More broadly, Bessemer’s Amazon workers should be seen as pioneers in the necessary task of restoring collective bargaining in post-industrial liberal democracies. In the US, as union membership has slumped, the adjusted average hourly wage has barely shifted from $20.27 in 1964 to $22.65 in 2018. Over roughly the same period, high earners saw their share of US aggregate income almost double. The loss is not merely financial. As academics such as Robert Putnam and Michael Lind have recently argued, unions also generate a sense of solidarity and collective self-esteem.
说得更宏大些,贝西默的亚马逊员工应该被视为在后工业化自由民主国家恢复集体谈判这一必要任务的先驱。在美国,随着工会成员人数下降,调整后的平均时薪几乎没有变化,从1964年的20.27美元升至2018年的22.65美元。在大约同一时期,高收入者在美国总收入中所占比例几乎翻了一番。损失不仅仅是经济上的。正如罗伯特•帕特南和迈克尔•林德等高校学者最近指出的那样,工会还能产生一种团结感和集体自尊感。

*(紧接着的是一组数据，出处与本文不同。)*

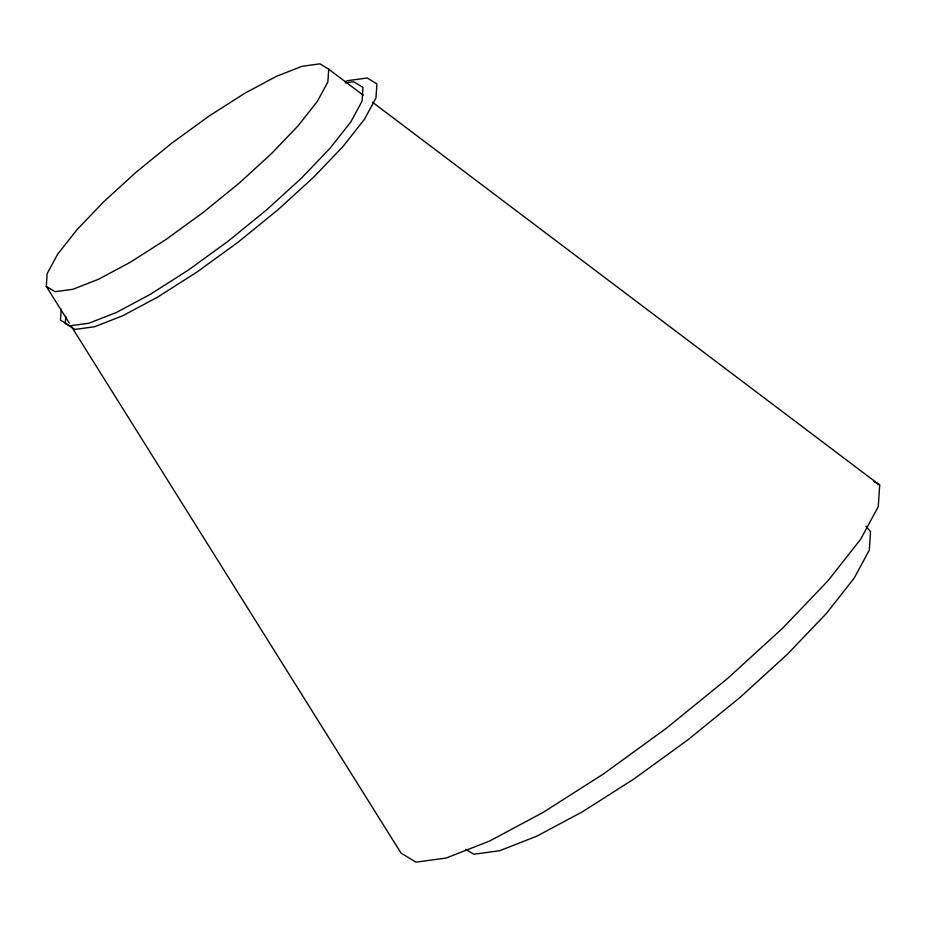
<?xml version="1.0" encoding="UTF-8"?>
<svg xmlns="http://www.w3.org/2000/svg" width="926" height="926" viewBox="0 0 926 926"><rect width="100%" height="100%" fill="white"/><g stroke="black" fill="none" stroke-linecap="round" stroke-linejoin="round"><path stroke-width="1.39" d="M69.288 323.081L46.3 286.354L47.157 273.61L57.574 254.326L76.858 229.833L103.677 201.787L136.203 172.109L172.236 142.812L209.311 115.9L244.892 93.202L276.573 76.268L302.177 66.255L319.968 63.848L328.73 69.195L363.316 95.297M61.185 309.157L60.456 320.083L69.844 325.813L88.908 323.22L116.34 312.502L150.267 294.364L188.383 270.056L228.097 241.223L266.688 209.843L301.54 178.047L330.269 148.01L350.919 121.769L362.078 101.108L363.004 87.449L353.605 81.719L345.444 82.831M65.769 316.472L65.295 323.51L74.971 329.413L94.602 326.751L122.857 315.697L157.802 297.014L197.064 271.978L237.97 242.288L277.719 209.971L313.613 177.213L343.199 146.273L364.474 119.246L375.968 97.971L376.917 83.907L367.24 78.004L347.609 80.666L344.923 81.719M328.73 69.195L327.873 81.939L317.456 101.223L298.172 125.728L271.353 153.762L238.827 183.452L202.794 212.737L165.731 239.649L130.138 262.347L98.469 279.282L72.865 289.294L55.062 291.713L46.3 286.354M372.53 102.254L879.7 485.062L878.253 506.661L860.59 539.337L827.913 580.857L782.47 628.384L727.327 678.689L666.269 728.334L603.451 773.939L543.145 812.403L489.46 841.097L446.066 858.066L415.913 862.152L401.051 853.089L71.58 326.751M873.982 481.566L879.7 485.062M465.732 849.304L473.823 854.235L499.612 850.739L536.733 836.213L582.651 811.674L634.241 778.778L687.983 739.758L740.21 697.29L787.366 654.265L826.247 613.614L854.189 578.102L869.306 550.148L870.544 531.663L866.03 526.246"/></g></svg>

Not far from Bessemer, Rosa Parks ignited the civil rights movement by refusing to give up her seat on a Montgomery bus. The dignity of labour in the digital economy of the 21st century is also something worth fighting for. Whatever their decision next month, the Amazon workers of Bessemer should be celebrated for making their voices heard.
在离贝西默不远的蒙哥马利,黑人妇女罗莎·帕克斯在公共汽车上拒绝给白人让座,从而点燃了民权运动的火焰。在21世纪的数字经济中,工人的尊严也是值得争取的。无论下个月他们做出什么决定,贝赛默的亚马逊工人们发出了自己的声音,我们都应该为他们歌颂。